For her part, Roth created something that she thought a child would have a lot of fun looking at: an outrageous, bright pink bird, approximately 5 by 6 feet, made nearly completely from scraps of junk and unused quilt fabric. A salient feature is a deteriorating colored pool noodle acting as a wobbly neck. “I have no idea what I’m going to do with it once the show’s over, but it looks like it walked out of a Dr. Seuss book,” she says. It was quite a sight to see, Roth recalls, as she drove her convertible down Palm Coast Parkway. Its head bobbed up and down from its back seat perch, its tongue extending from its mouth to lap up an insect made from an acorn. Similarly, Bill Shoemaker, award-winning color pencil artist, displays a yellow, highly rendered rubber ducky.
However, not all the work in the show will be as light or whimsical. One piece, a photograph taken at a nursing home, is of an old woman, most likely suffering from dementia.
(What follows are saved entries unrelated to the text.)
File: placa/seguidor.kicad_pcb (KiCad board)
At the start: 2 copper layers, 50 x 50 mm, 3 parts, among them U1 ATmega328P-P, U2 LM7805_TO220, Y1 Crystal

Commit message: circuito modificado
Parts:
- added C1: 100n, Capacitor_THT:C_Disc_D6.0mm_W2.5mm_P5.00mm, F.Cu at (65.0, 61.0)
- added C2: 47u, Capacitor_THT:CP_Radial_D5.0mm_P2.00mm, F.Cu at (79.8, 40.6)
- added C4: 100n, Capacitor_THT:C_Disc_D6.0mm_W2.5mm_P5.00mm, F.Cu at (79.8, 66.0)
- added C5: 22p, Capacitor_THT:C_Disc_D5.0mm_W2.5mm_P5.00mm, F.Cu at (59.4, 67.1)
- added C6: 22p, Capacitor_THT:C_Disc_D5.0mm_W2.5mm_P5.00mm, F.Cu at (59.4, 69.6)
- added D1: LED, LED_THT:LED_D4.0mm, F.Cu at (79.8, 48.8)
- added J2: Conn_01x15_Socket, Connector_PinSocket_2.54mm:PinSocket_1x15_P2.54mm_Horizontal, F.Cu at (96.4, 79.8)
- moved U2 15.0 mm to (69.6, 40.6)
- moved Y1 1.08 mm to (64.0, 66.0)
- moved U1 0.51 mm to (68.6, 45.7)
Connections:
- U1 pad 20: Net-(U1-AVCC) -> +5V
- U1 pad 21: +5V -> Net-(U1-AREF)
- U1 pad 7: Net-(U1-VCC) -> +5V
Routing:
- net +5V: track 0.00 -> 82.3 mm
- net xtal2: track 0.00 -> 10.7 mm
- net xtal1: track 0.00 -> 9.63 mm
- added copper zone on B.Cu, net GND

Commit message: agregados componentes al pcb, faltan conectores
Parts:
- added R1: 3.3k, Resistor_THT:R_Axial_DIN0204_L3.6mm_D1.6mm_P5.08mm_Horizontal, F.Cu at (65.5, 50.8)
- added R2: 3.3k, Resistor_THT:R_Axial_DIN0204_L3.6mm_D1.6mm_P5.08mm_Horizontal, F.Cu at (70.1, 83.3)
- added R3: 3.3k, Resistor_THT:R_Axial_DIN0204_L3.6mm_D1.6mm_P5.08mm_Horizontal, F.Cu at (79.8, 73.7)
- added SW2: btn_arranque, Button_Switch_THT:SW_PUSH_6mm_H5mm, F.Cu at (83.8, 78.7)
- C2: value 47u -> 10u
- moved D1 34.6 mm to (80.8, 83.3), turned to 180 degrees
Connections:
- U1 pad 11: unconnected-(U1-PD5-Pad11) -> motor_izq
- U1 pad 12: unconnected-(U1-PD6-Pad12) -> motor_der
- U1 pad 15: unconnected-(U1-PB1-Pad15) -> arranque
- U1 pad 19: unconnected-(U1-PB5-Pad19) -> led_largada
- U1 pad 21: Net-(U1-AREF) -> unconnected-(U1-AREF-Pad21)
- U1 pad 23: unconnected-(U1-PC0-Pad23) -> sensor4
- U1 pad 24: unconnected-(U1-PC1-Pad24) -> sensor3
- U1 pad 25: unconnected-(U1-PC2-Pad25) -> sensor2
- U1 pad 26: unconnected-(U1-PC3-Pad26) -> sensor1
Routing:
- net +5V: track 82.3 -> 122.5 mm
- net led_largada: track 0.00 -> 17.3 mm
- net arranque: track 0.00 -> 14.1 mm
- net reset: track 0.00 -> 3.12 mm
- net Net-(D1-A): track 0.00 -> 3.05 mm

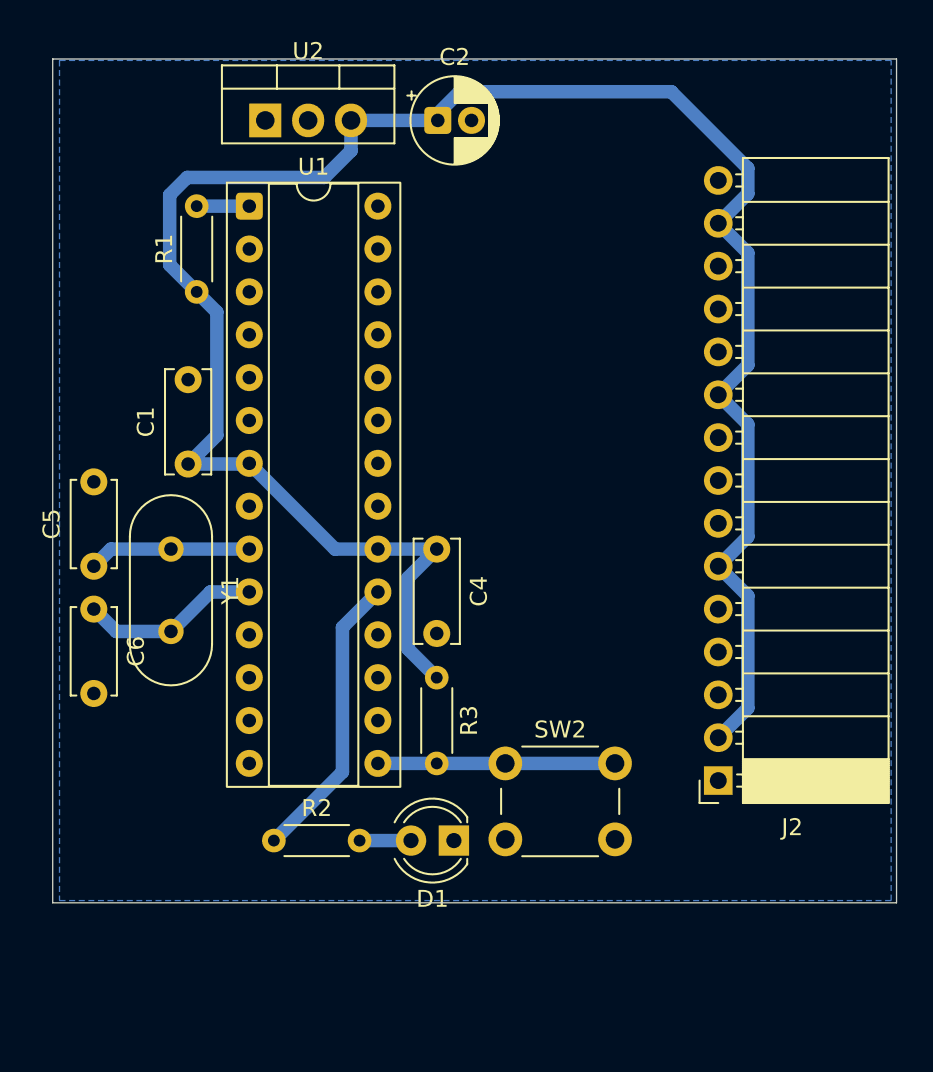
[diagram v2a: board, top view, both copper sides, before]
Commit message: cambiados capacitores en la placa
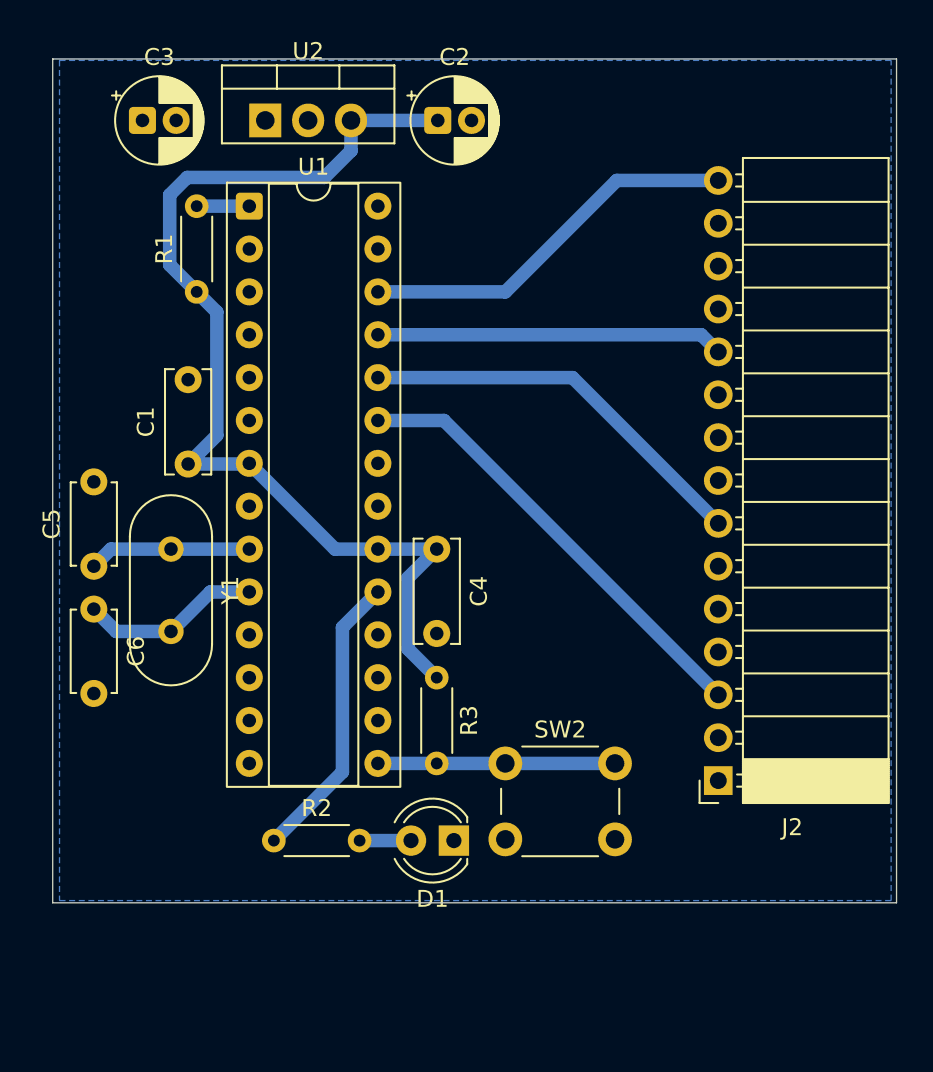
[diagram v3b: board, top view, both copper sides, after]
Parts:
- added C3: 0.33u, Capacitor_THT:CP_Radial_D5.0mm_P2.00mm, F.Cu at (62.3, 40.6)
- C2: value 10u -> 0.1u
- C5, C6: footprint Capacitor_THT:C_Disc_D5.0mm_W2.5mm_P5.00mm -> Capacitor_THT:C_Disc_D4.7mm_W2.5mm_P5.00mm
- J2: value Conn_01x15_Socket -> conn_sensores
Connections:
- U2 pad 1: Net-(J1-Pin_1) -> +BATT
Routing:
- net +5V: track 122.5 -> 62.5 mm
- net sensor4: track 0.00 -> 26.9 mm
- net sensor3: track 0.00 -> 23.7 mm
- net sensor1: track 0.00 -> 22.9 mm
- net sensor2: track 0.00 -> 20.6 mm

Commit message: Tamaño de la placa y agujeros
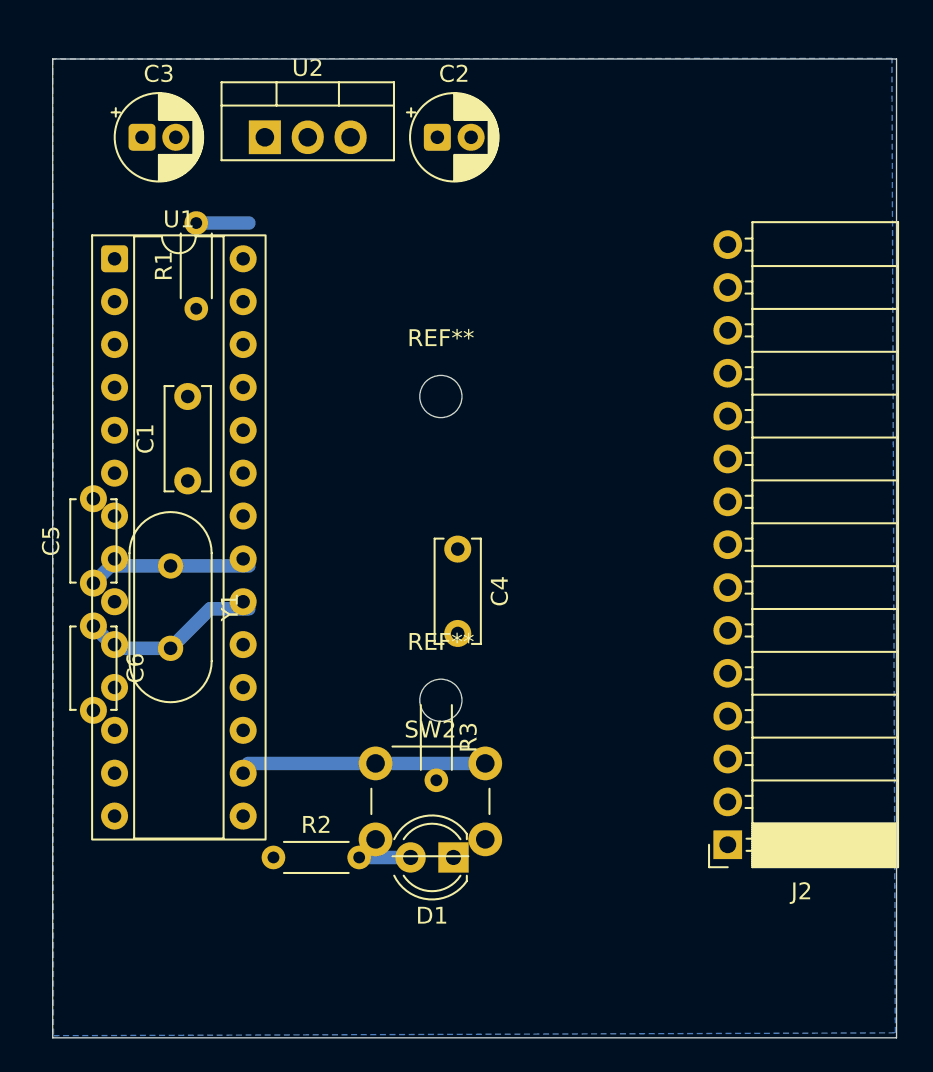
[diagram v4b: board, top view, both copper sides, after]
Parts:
- added REF**: MountingHole_2.5mm, MountingHole:MountingHole_2.5mm, F.Cu at (80.0, 57.0)
- added REF**: MountingHole_2.5mm, MountingHole:MountingHole_2.5mm, F.Cu at (80.0, 75.0)
- moved U1 8.57 mm to (60.7, 48.8)
- moved SW2 7.69 mm to (76.1, 78.7)
- moved J2 3.85 mm to (97.0, 83.6)
- moved C4 1.24 mm to (81.0, 66.0)
- moved C1 1.00 mm to (65.0, 62.0)
- moved C2 1.00 mm to (79.8, 41.6)
- moved C3 1.00 mm to (62.3, 41.6)
- moved C5 1.00 mm to (59.4, 68.1)
- moved C6 1.00 mm to (59.4, 70.6)
- moved D1 1.00 mm to (80.7, 84.3)
- moved R1 1.00 mm to (65.5, 51.8)
- moved R2 1.00 mm to (70.1, 84.3)
- moved R3 1.00 mm to (79.7, 74.7)
- moved U2 1.00 mm to (69.6, 41.6)
- moved Y1 1.00 mm to (64.0, 67.0)
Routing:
- net +5V: track 62.5 -> 0.00 mm
- net sensor4: track 26.9 -> 0.00 mm
- net sensor3: track 23.7 -> 0.00 mm
- net sensor1: track 22.9 -> 0.00 mm
- net sensor2: track 20.6 -> 0.00 mm
- net led_largada: track 17.3 -> 0.00 mm
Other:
- board size 50 x 50 mm -> 50 x 58 mm

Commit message: placa editada
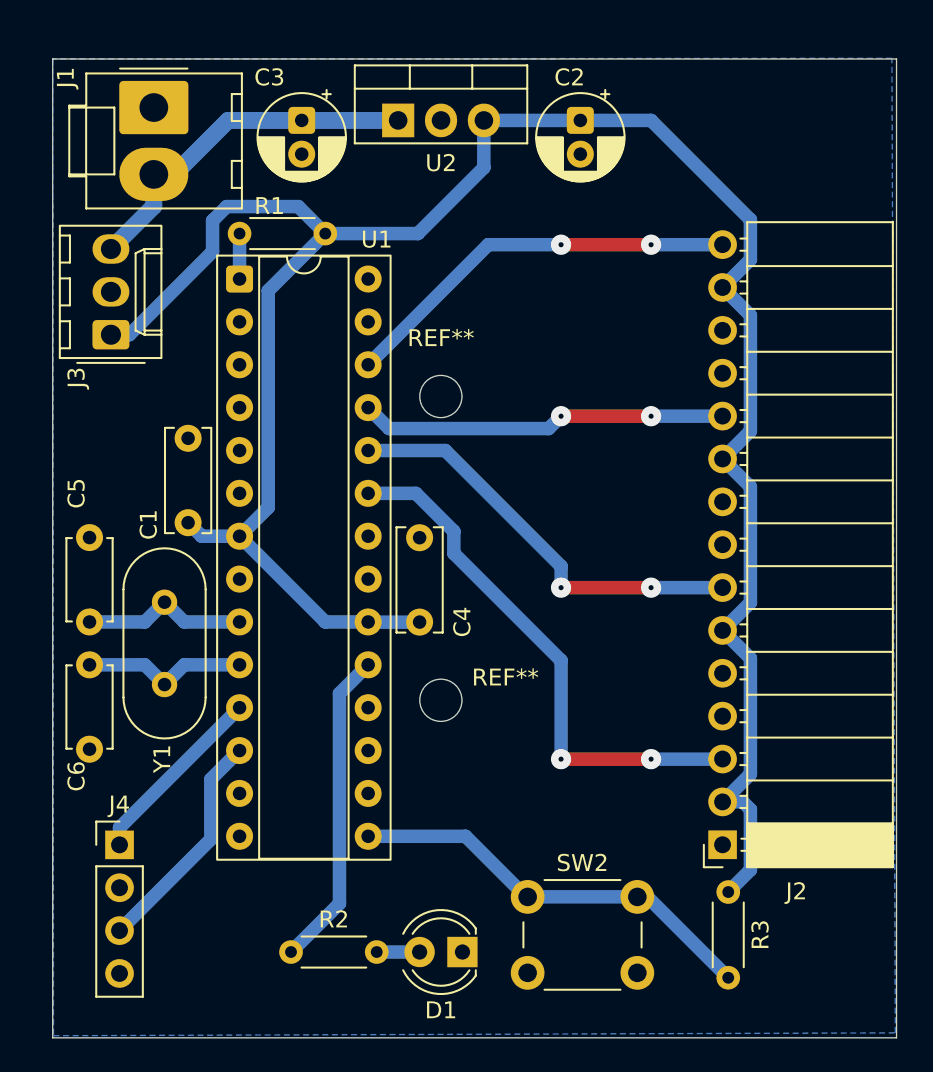
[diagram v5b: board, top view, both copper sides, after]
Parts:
- added J1: conn_bat, Connector_Molex:Molex_KK-396_A-41791-0002_1x02_P3.96mm_Vertical, F.Cu at (63.0, 39.9)
- added J3: conn_motor, Connector_Molex:Molex_KK-254_AE-6410-03A_1x03_P2.54mm_Vertical, F.Cu at (60.5, 53.3)
- added J4: conn_pwm, Connector_PinHeader_2.54mm:PinHeader_1x04_P2.54mm_Vertical, F.Cu at (61.0, 83.6)
- moved R3 20.9 mm to (97.0, 86.4)
- moved SW2 12.0 mm to (85.1, 86.7)
- moved C3 9.51 mm to (71.8, 40.6), turned to -90 degrees
- moved R1 8.85 mm to (73.2, 47.3), turned to 180 degrees
- moved C2 8.53 mm to (88.3, 40.6), turned to -90 degrees
- moved U2 7.96 mm to (77.5, 40.6)
- moved U1 7.50 mm to (68.1, 50.0)
- moved R2 5.70 mm to (71.1, 89.9)
- moved D1 5.63 mm to (81.3, 89.9)
- moved C4 4.88 mm to (78.7, 70.4), turned to 90 degrees
- moved C1 2.48 mm to (65.0, 64.5)
- moved C5 2.31 mm to (59.2, 70.4)
- moved C6 2.31 mm to (59.2, 72.9)
- moved Y1 2.18 mm to (63.6, 69.2)
- moved J2 0.31 mm to (96.7, 83.6)
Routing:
- net +5V: track 0.00 -> 132.4 mm
- net sensor4: track 0.00 -> 31.7 mm, vias 0 -> 2
- net sensor3: track 0.00 -> 25.1 mm, vias 0 -> 2
- net sensor1: track 0.00 -> 24.0 mm, vias 0 -> 2
- net sensor2: track 0.00 -> 21.8 mm, vias 0 -> 2
- net +BATT: track 0.00 -> 21.3 mm
- net led_largada: track 0.00 -> 18.9 mm
- net motor_der: track 0.00 -> 13.6 mm
- net motor_izq: track 0.00 -> 11.1 mm
- net arranque: track 14.1 -> 24.8 mm
- net xtal2: track 10.7 -> 9.86 mm
- net Net-(D1-A): track 3.05 -> 2.54 mm

She coddles a baby doll to her chest, as if it were a real child. Another photograph depicts two small twin girls resting their hands on the aged liver-spotted hand of a woman lying in a hospital bed, the rest of her hidden from view. Though probably no more than four years of age, the girls have a look of tenderness and compassion in their dark eyes. The photo is titled, “Saying Goodbye.”
In contrast, the Photography Club of Flagler County has only two requirements for its participants at the gallery show: color and black and white/monochrome, says Bob Carlsen, chairman of the club’s show and exhibition committee. Carlsen will have a notable photo on display, himself: a small corporate jet descending over a crowded beach on the Caribbean island of St. Marten. While the scene had beach goers yelping, according to Carlsen, everything turned out okay, and he managed to snap his photograph at just the right moment—as the plane passed barely over the sunbathers’ heads.
The photography club exhibition should also house about 50 pieces, and they’ll be handing out 13 awards. Susan Francis of Catchlight Studios is the judge.
“This is the first show we’re doing in many years,” says Carlsen. Why now? Because the club has grown to more than 70 members, he says, “It would be nice to show people who we actually are, you know—and what we do.” While the club regularly publishes its prized work in the Flagler/Palm Coast News-Journal and News-Tribune, they haven’t had many formal gallery shows, making Saturday significant.
Both the Flagler County Art League and Hollingsworth Gallery shows are month-long exhibitions.